Segment Open

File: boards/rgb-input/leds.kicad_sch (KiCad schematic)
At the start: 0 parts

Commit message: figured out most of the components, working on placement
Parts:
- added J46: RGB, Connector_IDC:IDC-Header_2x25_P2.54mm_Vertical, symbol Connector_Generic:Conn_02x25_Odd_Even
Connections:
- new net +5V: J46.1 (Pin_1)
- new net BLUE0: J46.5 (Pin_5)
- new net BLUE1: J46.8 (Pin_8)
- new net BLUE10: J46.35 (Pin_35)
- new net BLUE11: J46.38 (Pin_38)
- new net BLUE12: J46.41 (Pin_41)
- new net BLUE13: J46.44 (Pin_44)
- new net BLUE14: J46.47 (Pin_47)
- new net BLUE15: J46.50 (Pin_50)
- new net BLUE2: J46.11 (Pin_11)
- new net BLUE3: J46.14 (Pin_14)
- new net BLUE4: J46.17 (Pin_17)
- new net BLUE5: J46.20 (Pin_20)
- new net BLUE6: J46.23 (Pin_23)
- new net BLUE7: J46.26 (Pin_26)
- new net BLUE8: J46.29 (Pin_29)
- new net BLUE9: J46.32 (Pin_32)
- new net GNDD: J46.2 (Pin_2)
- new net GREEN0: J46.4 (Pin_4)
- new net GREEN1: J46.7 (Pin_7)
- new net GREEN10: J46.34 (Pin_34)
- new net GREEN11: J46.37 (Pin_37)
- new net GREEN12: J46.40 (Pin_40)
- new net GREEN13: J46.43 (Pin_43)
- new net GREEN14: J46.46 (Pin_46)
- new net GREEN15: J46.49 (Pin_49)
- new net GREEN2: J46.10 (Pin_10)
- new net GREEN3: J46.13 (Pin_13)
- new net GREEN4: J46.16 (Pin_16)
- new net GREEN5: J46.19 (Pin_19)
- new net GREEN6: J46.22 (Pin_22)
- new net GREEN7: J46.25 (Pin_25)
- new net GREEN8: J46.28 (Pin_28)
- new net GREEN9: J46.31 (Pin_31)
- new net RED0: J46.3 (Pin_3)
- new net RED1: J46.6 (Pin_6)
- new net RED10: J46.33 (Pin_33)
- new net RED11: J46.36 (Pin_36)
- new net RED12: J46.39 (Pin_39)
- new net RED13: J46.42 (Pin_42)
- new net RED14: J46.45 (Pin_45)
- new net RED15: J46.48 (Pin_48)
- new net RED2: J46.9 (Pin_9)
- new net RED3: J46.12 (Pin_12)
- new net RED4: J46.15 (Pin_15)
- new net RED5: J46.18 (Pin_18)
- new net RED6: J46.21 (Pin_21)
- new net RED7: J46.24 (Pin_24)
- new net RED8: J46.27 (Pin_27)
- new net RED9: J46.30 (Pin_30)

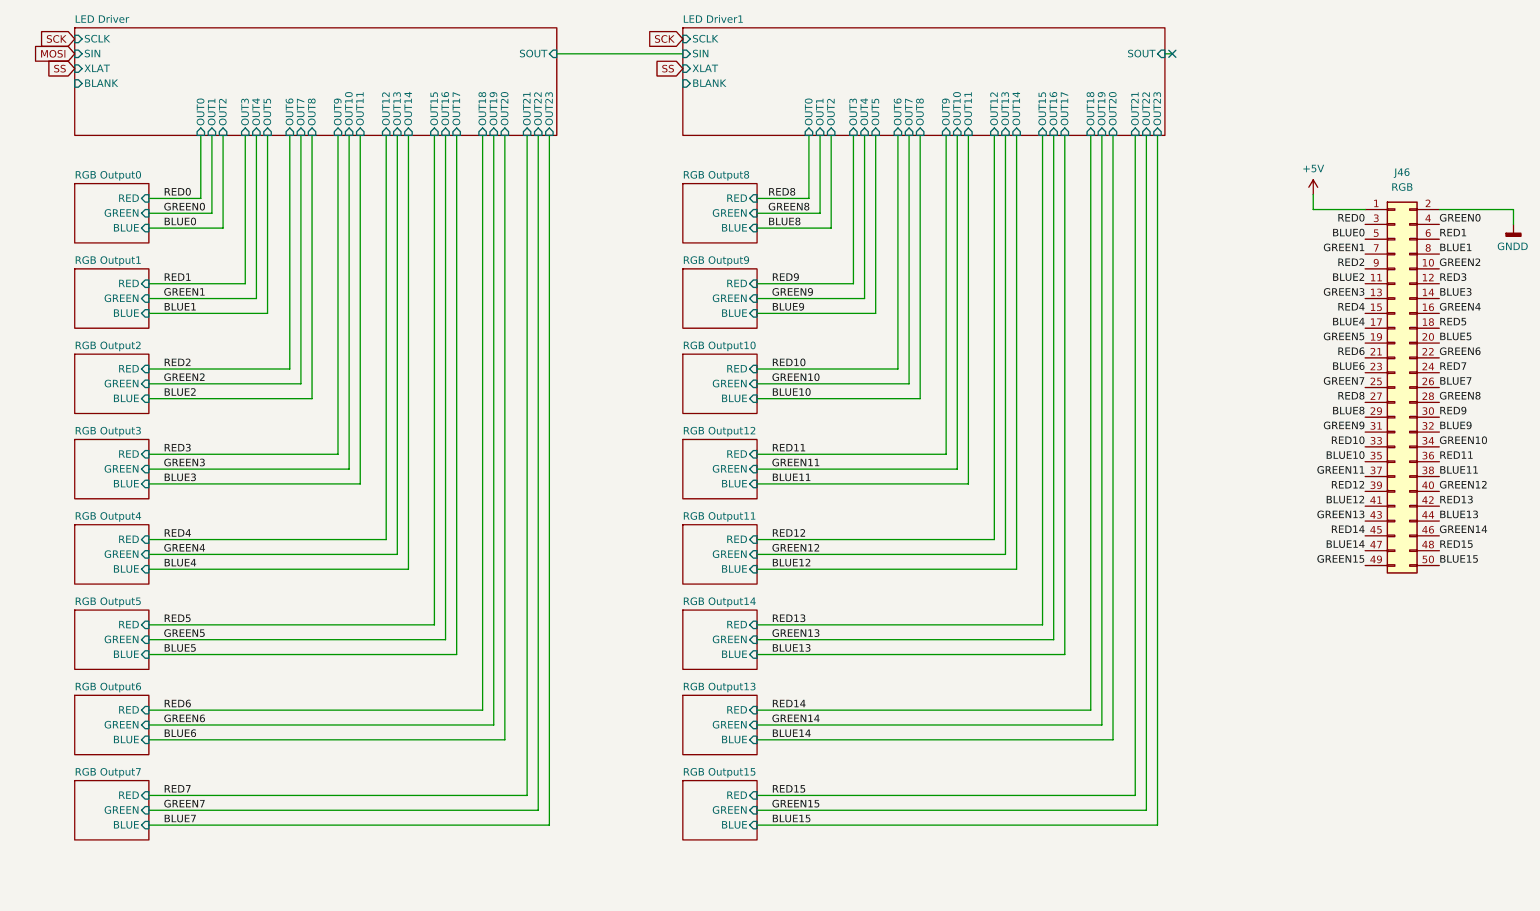
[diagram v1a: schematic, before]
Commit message: routed the rgb setup
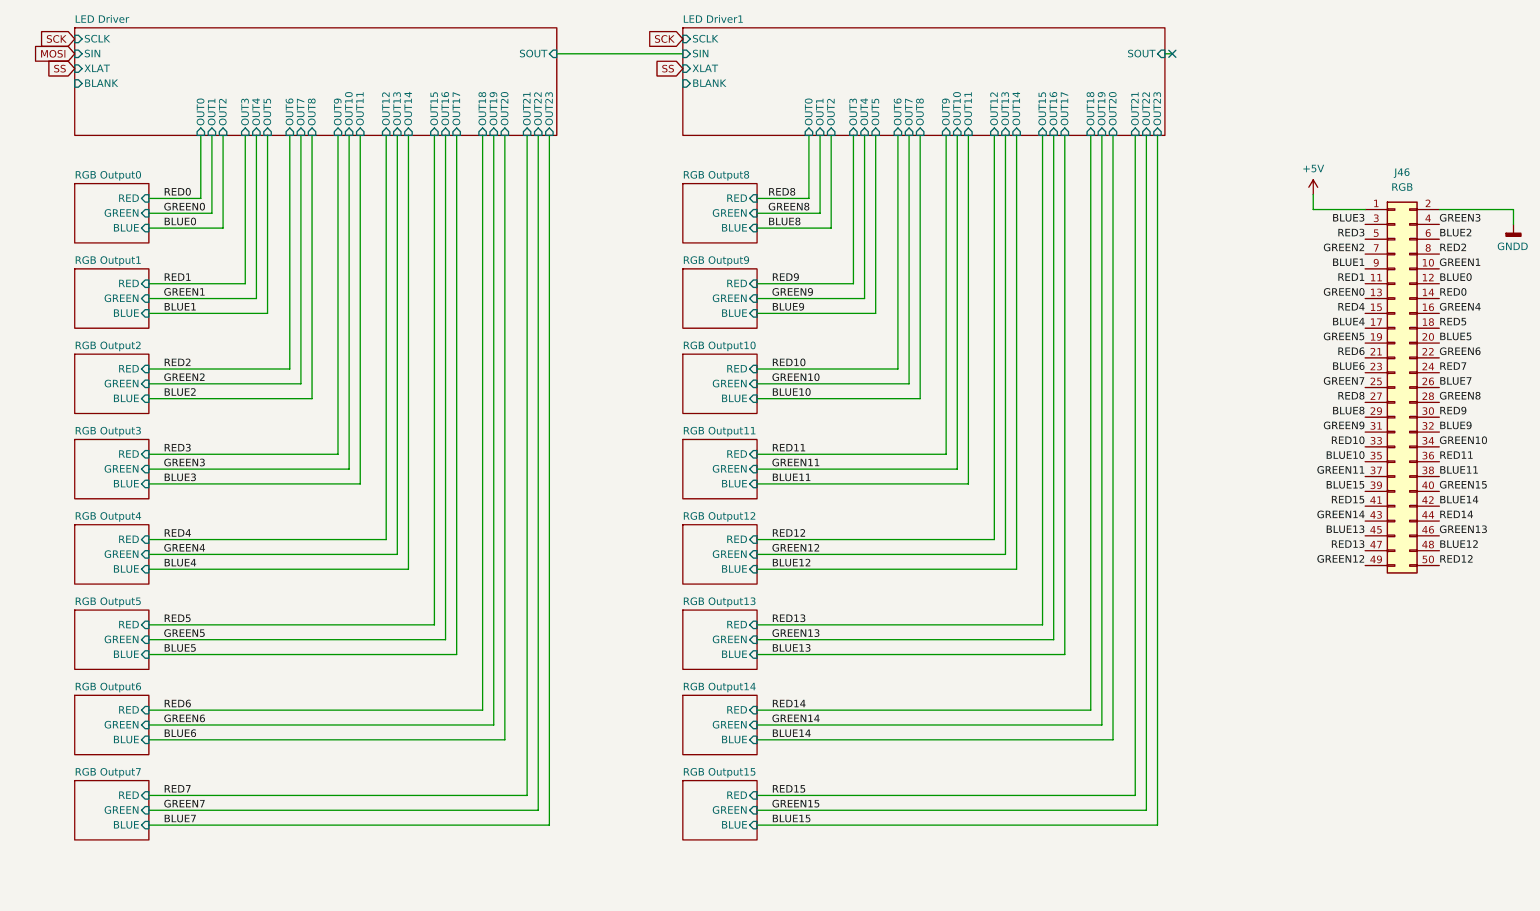
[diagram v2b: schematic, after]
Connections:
- net BLUE0: now also J46.12 (Pin_12); no longer J46.5 (Pin_5)
- net BLUE1: now also J46.9 (Pin_9); no longer J46.8 (Pin_8)
- net BLUE12: now also J46.48 (Pin_48); no longer J46.41 (Pin_41)
- net BLUE13: now also J46.45 (Pin_45); no longer J46.44 (Pin_44)
- net BLUE14: now also J46.42 (Pin_42); no longer J46.47 (Pin_47)
- net BLUE15: now also J46.39 (Pin_39); no longer J46.50 (Pin_50)
- net BLUE2: now also J46.6 (Pin_6); no longer J46.11 (Pin_11)
- net BLUE3: now also J46.3 (Pin_3); no longer J46.14 (Pin_14)
- net GREEN0: now also J46.13 (Pin_13); no longer J46.4 (Pin_4)
- net GREEN1: now also J46.10 (Pin_10); no longer J46.7 (Pin_7)
- net GREEN12: now also J46.49 (Pin_49); no longer J46.40 (Pin_40)
- net GREEN13: now also J46.46 (Pin_46); no longer J46.43 (Pin_43)
- net GREEN14: now also J46.43 (Pin_43); no longer J46.46 (Pin_46)
- net GREEN15: now also J46.40 (Pin_40); no longer J46.49 (Pin_49)
- net GREEN2: now also J46.7 (Pin_7); no longer J46.10 (Pin_10)
- net GREEN3: now also J46.4 (Pin_4); no longer J46.13 (Pin_13)
- net RED0: now also J46.14 (Pin_14); no longer J46.3 (Pin_3)
- net RED1: now also J46.11 (Pin_11); no longer J46.6 (Pin_6)
- net RED12: now also J46.50 (Pin_50); no longer J46.39 (Pin_39)
- net RED13: now also J46.47 (Pin_47); no longer J46.42 (Pin_42)
- net RED14: now also J46.44 (Pin_44); no longer J46.45 (Pin_45)
- net RED15: now also J46.41 (Pin_41); no longer J46.48 (Pin_48)
- net RED2: now also J46.8 (Pin_8); no longer J46.9 (Pin_9)
- net RED3: now also J46.5 (Pin_5); no longer J46.12 (Pin_12)

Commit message: so much routing.
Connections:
- no-connect marks 1 -> 3
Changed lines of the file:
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@@
 (kicad_sch (version 20230121) (generator eeschema)
   (paper "A4")
+  (no_connect (at 124.46 29.21))
+  (no_connect (at 20.32 29.21))
   (no_connect (at 210.82 24.13))
   (wire (pts (xy 175.895 97.79) (xy 175.895 38.1))
@@
     (stroke (width 0) (type default))
   )
+  (wire (pts (xy 20.32 29.21) (xy 22.86 29.21))
+    (stroke (width 0) (type default))
+  )
   (wire (pts (xy 182.245 109.855) (xy 139.7 109.855))
     (stroke (width 0) (type default))
@@
     (stroke (width 0) (type default))
   )
+  (wire (pts (xy 124.46 29.21) (xy 127 29.21))
+    (stroke (width 0) (type default))
+  )

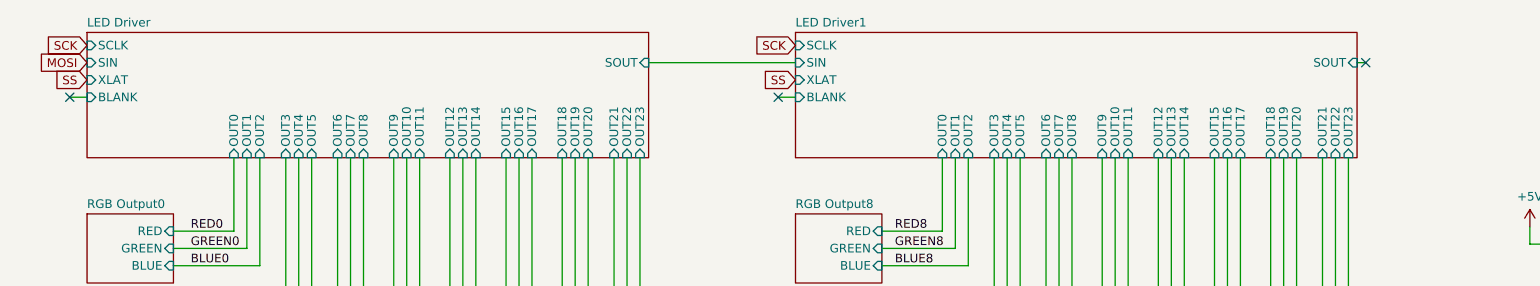
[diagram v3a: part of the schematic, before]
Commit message: whoa, board is fully routed!!!!
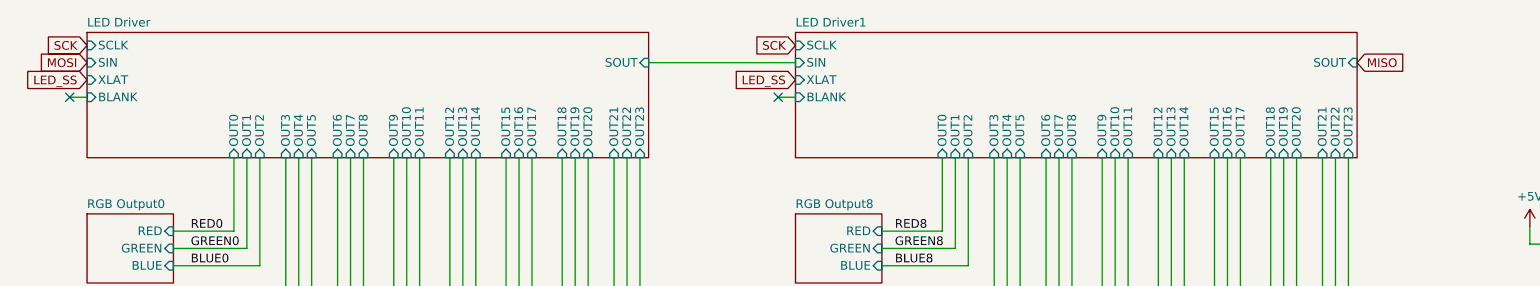
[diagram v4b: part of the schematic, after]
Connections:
- no-connect marks 3 -> 2
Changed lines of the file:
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@@
   (no_connect (at 124.46 29.21))
   (no_connect (at 20.32 29.21))
-  (no_connect (at 210.82 24.13))
   (wire (pts (xy 175.895 97.79) (xy 175.895 38.1))
     (stroke (width 0) (type default))
@@
     (stroke (width 0) (type default))
   )
-  (wire (pts (xy 209.55 24.13) (xy 210.82 24.13))
-    (stroke (width 0) (type default))
-  )
   (wire (pts (xy 172.085 92.71) (xy 172.085 38.1))
     (stroke (width 0) (type default))
@@
     (effects (font (size 1.27 1.27)) (justify left bottom))
   )
-  (global_label "SS" (shape input) (at 22.86 26.67 180) (fields_autoplaced)
+  (global_label "LED_SS" (shape input) (at 22.86 26.67 180) (fields_autoplaced)
     (effects (font (size 1.27 1.27)) (justify right))
-    (property "Intersheetrefs" "${INTERSHEET_REFS}" (at 17.4558 26.67 0)
+    (property "Intersheetrefs" "${INTERSHEET_REFS}" (at 13.0411 26.67 0)
       (effects (font (size 1.27 1.27)) (justify right) hide)
     )
@@
     )
   )
+  (global_label "LED_SS" (shape input) (at 127 26.67 180) (fields_autoplaced)
+    (effects (font (size 1.27 1.27)) (justify right))
+    (property "Intersheetrefs" "${INTERSHEET_REFS}" (at 117.1811 26.67 0)
+      (effects (font (size 1.27 1.27)) (justify right) hide)
+    )
+  )
   (global_label "MOSI" (shape input) (at 22.86 24.13 180) (fields_autoplaced)
     (effects (font (size 1.27 1.27)) (justify right))
@@
     )
   )
-  (global_label "SS" (shape input) (at 127 26.67 180) (fields_autoplaced)
-    (effects (font (size 1.27 1.27)) (justify right))
-    (property "Intersheetrefs" "${INTERSHEET_REFS}" (at 121.5958 26.67 0)
-      (effects (font (size 1.27 1.27)) (justify right) hide)
+  (global_label "MISO" (shape input) (at 209.55 24.13 0) (fields_autoplaced)
+    (effects (font (size 1.27 1.27)) (justify left))
+    (property "Intersheetrefs" "${INTERSHEET_REFS}" (at 217.1314 24.13 0)
+      (effects (font (size 1.27 1.27)) (justify left) hide)
     )
   )

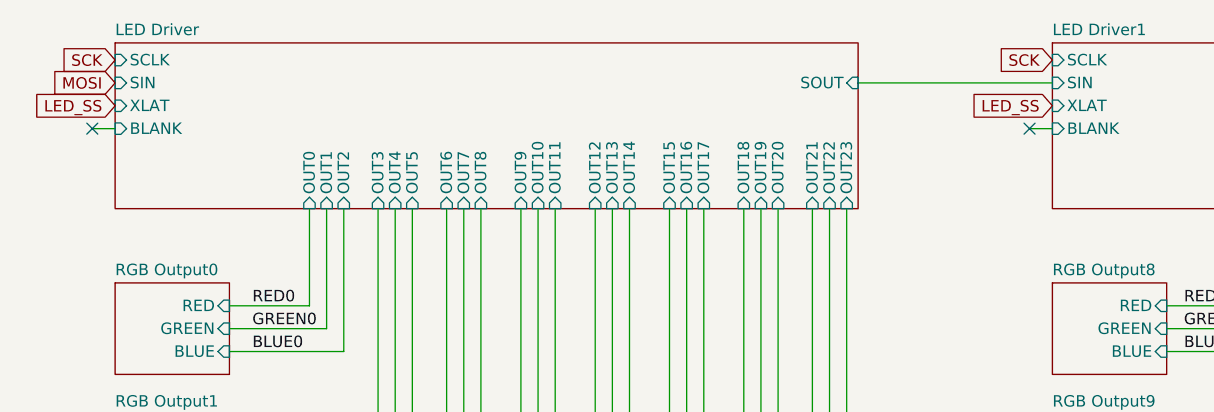
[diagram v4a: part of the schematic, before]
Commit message: added 5v fuse to schematic
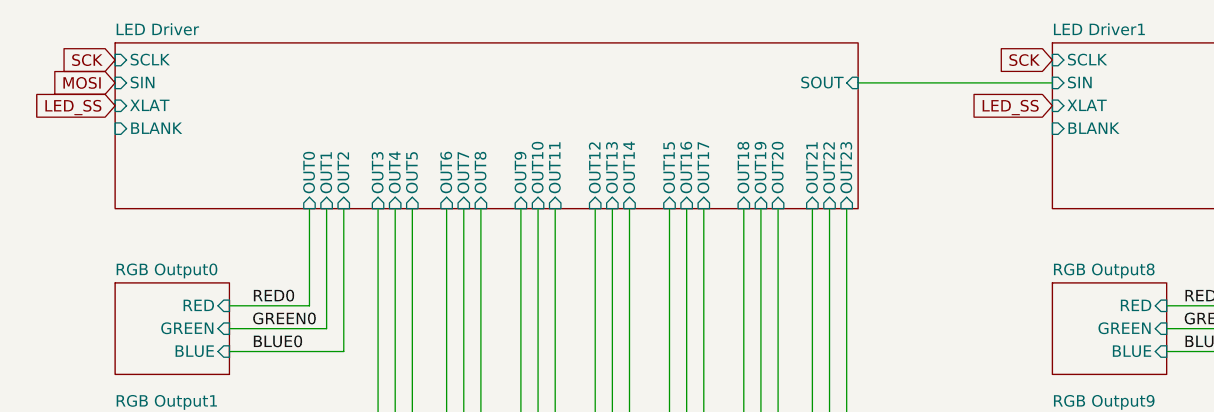
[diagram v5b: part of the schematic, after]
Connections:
- no-connect marks 2 -> 0
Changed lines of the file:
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@@
 (kicad_sch (version 20230121) (generator eeschema)
   (paper "A4")
-  (no_connect (at 124.46 29.21))
-  (no_connect (at 20.32 29.21))
   (wire (pts (xy 175.895 97.79) (xy 175.895 38.1))
     (stroke (width 0) (type default))
@@
     (stroke (width 0) (type default))
   )
-  (wire (pts (xy 20.32 29.21) (xy 22.86 29.21))
-    (stroke (width 0) (type default))
-  )
   (wire (pts (xy 182.245 109.855) (xy 139.7 109.855))
     (stroke (width 0) (type default))
@@
     (stroke (width 0) (type default))
   )
-  (wire (pts (xy 124.46 29.21) (xy 127 29.21))
-    (stroke (width 0) (type default))
-  )

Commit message: more BOM updates.
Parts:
- J46: LCSC (none) -> C30006
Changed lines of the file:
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@@
+      (effects (font (size 1.27 1.27)) hide)
+    )
+    (property "LCSC" "C30006" (at 248.92 81.28 0)
       (effects (font (size 1.27 1.27)) hide)
     )

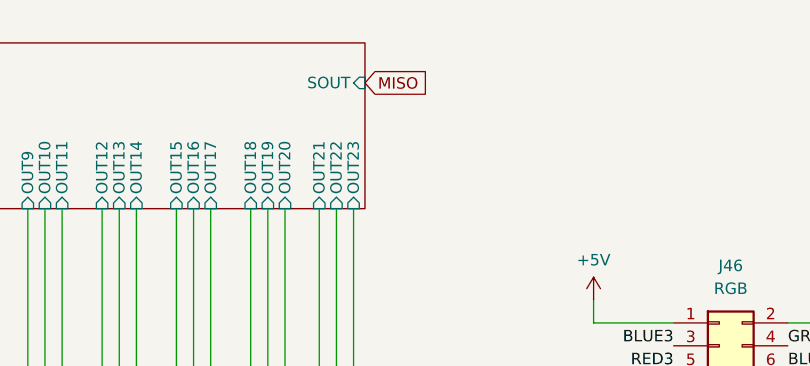
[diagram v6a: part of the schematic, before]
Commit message: solved the ADC issue and found another minor one
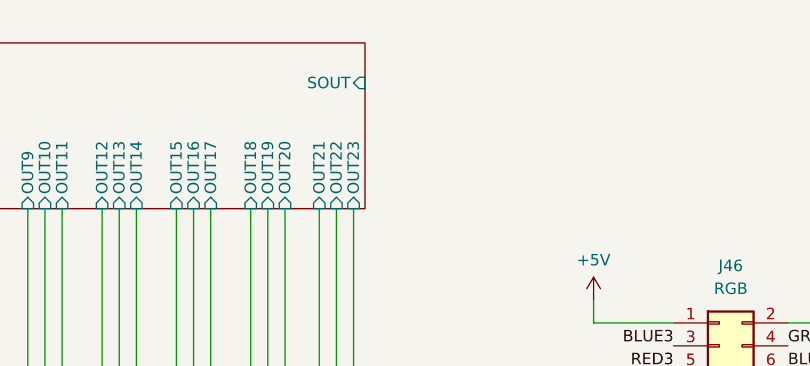
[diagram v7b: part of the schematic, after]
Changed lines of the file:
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@@
-    )
-  )
-  (global_label "MISO" (shape input) (at 209.55 24.13 0) (fields_autoplaced)
-    (effects (font (size 1.27 1.27)) (justify left))
-    (property "Intersheetrefs" "${INTERSHEET_REFS}" (at 217.1314 24.13 0)
-      (effects (font (size 1.27 1.27)) (justify left) hide)
     )
   )

Segment Closed

Instructions to follow: There is a run of lines above from the one with "- new net BLUE1: J46.8 (Pin_8)" to the one with "- new net BLUE5: J46.20 (Pin_20)"; print exactly that run, both ends included, and nothing else.

Solution:
- new net BLUE1: J46.8 (Pin_8)
- new net BLUE10: J46.35 (Pin_35)
- new net BLUE11: J46.38 (Pin_38)
- new net BLUE12: J46.41 (Pin_41)
- new net BLUE13: J46.44 (Pin_44)
- new net BLUE14: J46.47 (Pin_47)
- new net BLUE15: J46.50 (Pin_50)
- new net BLUE2: J46.11 (Pin_11)
- new net BLUE3: J46.14 (Pin_14)
- new net BLUE4: J46.17 (Pin_17)
- new net BLUE5: J46.20 (Pin_20)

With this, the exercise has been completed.